Phase One: Quick, Indelible Real Life Sketches
You will need an inexpensive sketchbook (not too small, but one that you can use with your entire hand to draw freely, without depriving yourself of the opportunity to exercise your entire forearm along with your hand) and a permanent drawing tool such as a marker, ballpoint pen, felt-tip pen, etc. .
Then, all you need to do is look at people and very quickly, literally a couple of seconds after you look at the person, sketch the impression and energy of the body that he conveyed to you. The emotions you received. I filled out this page while sitting in a cafe. All these people were hurrying down the street while it was raining.
As you can see, there is nothing masterpiece here and I am not trying to draw the proportions correctly or fill in the details at the first stage. Sometimes the limbs are completed, sometimes not, it depends on what I paid more attention to in one position or another. However, these scribbles convey something: you can understand that these are completely different people. However, they have something in common - they are all in a hurry to get somewhere, but they are also different from each other. All these characters have different body energy. And this is what I mean by your practice for the first time!

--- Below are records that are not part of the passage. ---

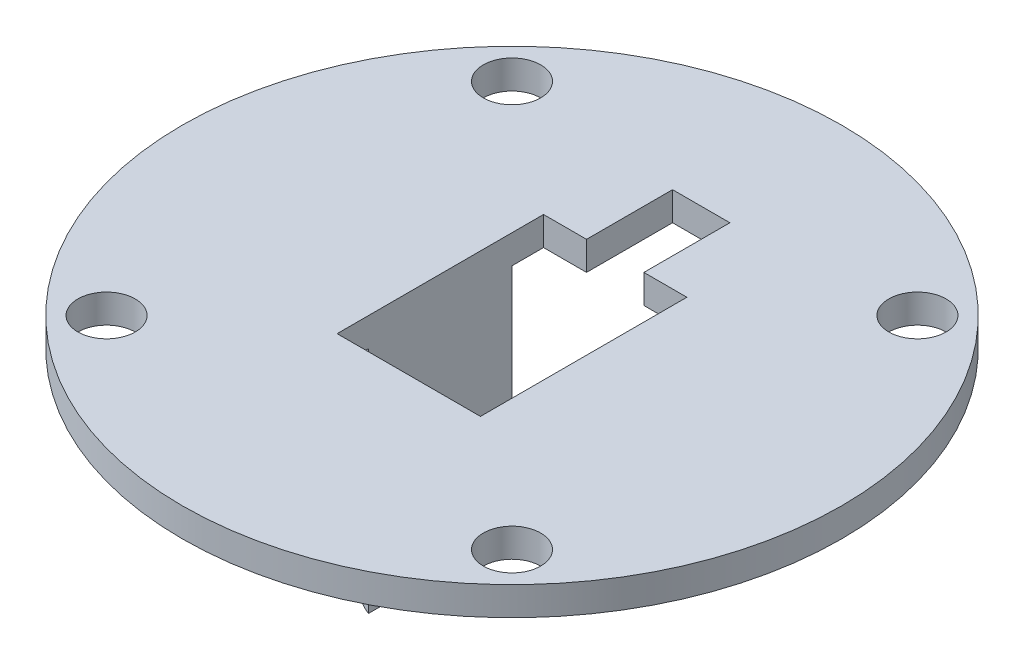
ISO-10303-21;
HEADER;
FILE_DESCRIPTION(('STEP AP214'),'2;1');
FILE_NAME('part.step','',(''),(''),'','','');
FILE_SCHEMA(('AUTOMOTIVE_DESIGN { 1 0 10303 214 1 1 1 1 }'));
ENDSEC;
DATA;
#1=APPLICATION_CONTEXT('core data for automotive mechanical design processes');
#2=APPLICATION_PROTOCOL_DEFINITION('international standard','automotive_design',2000,#1);
#3=PRODUCT_CONTEXT('',#1,'mechanical');
#4=PRODUCT('Part','Part','',(#3));
#5=PRODUCT_RELATED_PRODUCT_CATEGORY('part','',(#4));
#6=PRODUCT_DEFINITION_FORMATION('','',#4);
#7=PRODUCT_DEFINITION_CONTEXT('part definition',#1,'design');
#8=PRODUCT_DEFINITION('design','',#6,#7);
#9=PRODUCT_DEFINITION_SHAPE('','',#8);
#10=(LENGTH_UNIT() NAMED_UNIT(*) SI_UNIT(.MILLI.,.METRE.));
#11=(NAMED_UNIT(*) PLANE_ANGLE_UNIT() SI_UNIT($,.RADIAN.));
#12=(NAMED_UNIT(*) SI_UNIT($,.STERADIAN.) SOLID_ANGLE_UNIT());
#13=UNCERTAINTY_MEASURE_WITH_UNIT(LENGTH_MEASURE(1.E-05),#10,'distance_accuracy_value','');
#14=(GEOMETRIC_REPRESENTATION_CONTEXT(3) GLOBAL_UNCERTAINTY_ASSIGNED_CONTEXT((#13)) GLOBAL_UNIT_ASSIGNED_CONTEXT((#10,
#11,#12)) REPRESENTATION_CONTEXT('',''));
#15=CARTESIAN_POINT('',(0.,0.,0.));
#16=DIRECTION('',(0.,0.,1.));
#17=DIRECTION('',(1.,0.,0.));
#18=AXIS2_PLACEMENT_3D('',#15,#16,#17);
#19=CARTESIAN_POINT('',(-12.5,0.,-18.));
#20=DIRECTION('',(0.,0.,-1.));
#21=DIRECTION('',(-1.,0.,0.));
#22=AXIS2_PLACEMENT_3D('',#19,#20,#21);
#23=PLANE('',#22);
#24=DIRECTION('',(-1.,0.,0.));
#25=VECTOR('',#24,1.);
#26=CARTESIAN_POINT('',(-12.5,5.,-18.));
#27=LINE('',#26,#25);
#28=CARTESIAN_POINT('',(12.5,5.,-18.));
#29=VERTEX_POINT('',#28);
#30=CARTESIAN_POINT('',(5.,5.,-18.));
#31=VERTEX_POINT('',#30);
#32=EDGE_CURVE('E215',#29,#31,#27,.T.);
#33=ORIENTED_EDGE('',*,*,#32,.T.);
#34=DIRECTION('',(0.,-1.,0.));
#35=VECTOR('',#34,1.);
#36=CARTESIAN_POINT('',(5.,0.,-18.));
#37=LINE('',#36,#35);
#38=CARTESIAN_POINT('',(5.,0.,-18.));
#39=VERTEX_POINT('',#38);
#40=EDGE_CURVE('E11',#31,#39,#37,.T.);
#41=ORIENTED_EDGE('',*,*,#40,.T.);
#42=DIRECTION('',(-1.,0.,0.));
#43=VECTOR('',#42,1.);
#44=CARTESIAN_POINT('',(-12.5,0.,-18.));
#45=LINE('',#44,#43);
#46=CARTESIAN_POINT('',(12.5,0.,-18.));
#47=VERTEX_POINT('',#46);
#48=EDGE_CURVE('E199',#47,#39,#45,.T.);
#49=ORIENTED_EDGE('',*,*,#48,.F.);
#50=DIRECTION('',(0.,1.,0.));
#51=VECTOR('',#50,1.);
#52=CARTESIAN_POINT('',(12.5,0.,-18.));
#53=LINE('',#52,#51);
#54=EDGE_CURVE('E211',#47,#29,#53,.T.);
#55=ORIENTED_EDGE('',*,*,#54,.T.);
#56=EDGE_LOOP('',(#33,#41,#49,#55));
#57=FACE_BOUND('',#56,.T.);
#58=ADVANCED_FACE('F44',(#57),#23,.F.);
#59=CARTESIAN_POINT('',(0.,0.,0.));
#60=DIRECTION('',(0.,1.,0.));
#61=DIRECTION('',(0.,0.,1.));
#62=AXIS2_PLACEMENT_3D('',#59,#60,#61);
#63=PLANE('',#62);
#64=ORIENTED_EDGE('',*,*,#48,.T.);
#65=DIRECTION('',(0.,0.,-1.));
#66=VECTOR('',#65,1.);
#67=CARTESIAN_POINT('',(5.,0.,0.));
#68=LINE('',#67,#66);
#69=CARTESIAN_POINT('',(5.,0.,-33.));
#70=VERTEX_POINT('',#69);
#71=EDGE_CURVE('E170',#39,#70,#68,.T.);
#72=ORIENTED_EDGE('',*,*,#71,.T.);
#73=DIRECTION('',(-1.,0.,0.));
#74=VECTOR('',#73,1.);
#75=CARTESIAN_POINT('',(0.,0.,-33.));
#76=LINE('',#75,#74);
#77=CARTESIAN_POINT('',(-5.,0.,-33.));
#78=VERTEX_POINT('',#77);
#79=EDGE_CURVE('E142',#70,#78,#76,.T.);
#80=ORIENTED_EDGE('',*,*,#79,.T.);
#81=DIRECTION('',(0.,0.,1.));
#82=VECTOR('',#81,1.);
#83=CARTESIAN_POINT('',(-5.,0.,0.));
#84=LINE('',#83,#82);
#85=CARTESIAN_POINT('',(-5.,0.,-18.));
#86=VERTEX_POINT('',#85);
#87=EDGE_CURVE('E165',#78,#86,#84,.T.);
#88=ORIENTED_EDGE('',*,*,#87,.T.);
#89=CARTESIAN_POINT('',(-12.5,0.,-18.));
#90=VERTEX_POINT('',#89);
#91=EDGE_CURVE('E197',#86,#90,#45,.T.);
#92=ORIENTED_EDGE('',*,*,#91,.T.);
#93=DIRECTION('',(0.,0.,1.));
#94=VECTOR('',#93,1.);
#95=CARTESIAN_POINT('',(-12.5,0.,18.));
#96=LINE('',#95,#94);
#97=CARTESIAN_POINT('',(-12.5,0.,-12.5));
#98=VERTEX_POINT('',#97);
#99=EDGE_CURVE('E204',#90,#98,#96,.T.);
#100=ORIENTED_EDGE('',*,*,#99,.T.);
#101=CARTESIAN_POINT('',(-11.5,0.,-6.58392021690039));
#102=DIRECTION('',(0.,1.,0.));
#103=DIRECTION('',(0.,0.,1.));
#104=AXIS2_PLACEMENT_3D('',#101,#102,#103);
#105=CIRCLE('',#104,6.);
#106=CARTESIAN_POINT('',(-17.5,0.,-6.58392021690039));
#107=VERTEX_POINT('',#106);
#108=EDGE_CURVE('E286',#98,#107,#105,.T.);
#109=ORIENTED_EDGE('',*,*,#108,.T.);
#110=DIRECTION('',(0.,0.,-1.));
#111=VECTOR('',#110,1.);
#112=CARTESIAN_POINT('',(-17.5,0.,-12.5));
#113=LINE('',#112,#111);
#114=CARTESIAN_POINT('',(-17.5,0.,6.58392021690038));
#115=VERTEX_POINT('',#114);
#116=EDGE_CURVE('E181',#115,#107,#113,.T.);
#117=ORIENTED_EDGE('',*,*,#116,.F.);
#118=CARTESIAN_POINT('',(-11.5,0.,6.58392021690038));
#119=DIRECTION('',(0.,1.,0.));
#120=DIRECTION('',(0.,0.,1.));
#121=AXIS2_PLACEMENT_3D('',#118,#119,#120);
#122=CIRCLE('',#121,6.);
#123=CARTESIAN_POINT('',(-12.5,0.,12.5));
#124=VERTEX_POINT('',#123);
#125=EDGE_CURVE('E289',#115,#124,#122,.T.);
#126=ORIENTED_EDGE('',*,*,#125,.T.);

The reason we'll do this before learning anatomy is because it's a skill that will be fundamental to creating more living bodies; and if you have already formed the habit of starting a drawing from a technical and precise side, then it will be difficult to “revive” the body at the next stage. The creator might get stuck with wooden dummy syndrome, and we don't want that. In the pictures shown below, you'll see the energy of the sketch underneath the completed, confident lines and how this helped finish the proper anatomy correctly while maintaining the dynamic of the quick sketch.
Another desirable result of this practice: we learn a lot by observing, but even more by actively observing (by sketching). While drawing my crowd of people above, I noticed how someone bends over to bear a heavy load, how rare it is to find a person who will walk with the correct upright posture in our tired society, how many people held the phone to their ear, and so on. Observing is always a good thing and will never be a waste of time, but it would be more effective to take some notes or sketches while doing so: it's like hitting the "save" button to capture and store the learned skills in your system. The more you observe and sketch, the more you imagine it on your body, instinctively already knowing how to draw certain things. This will be useful for the second phase (and for your career as an artist, of course).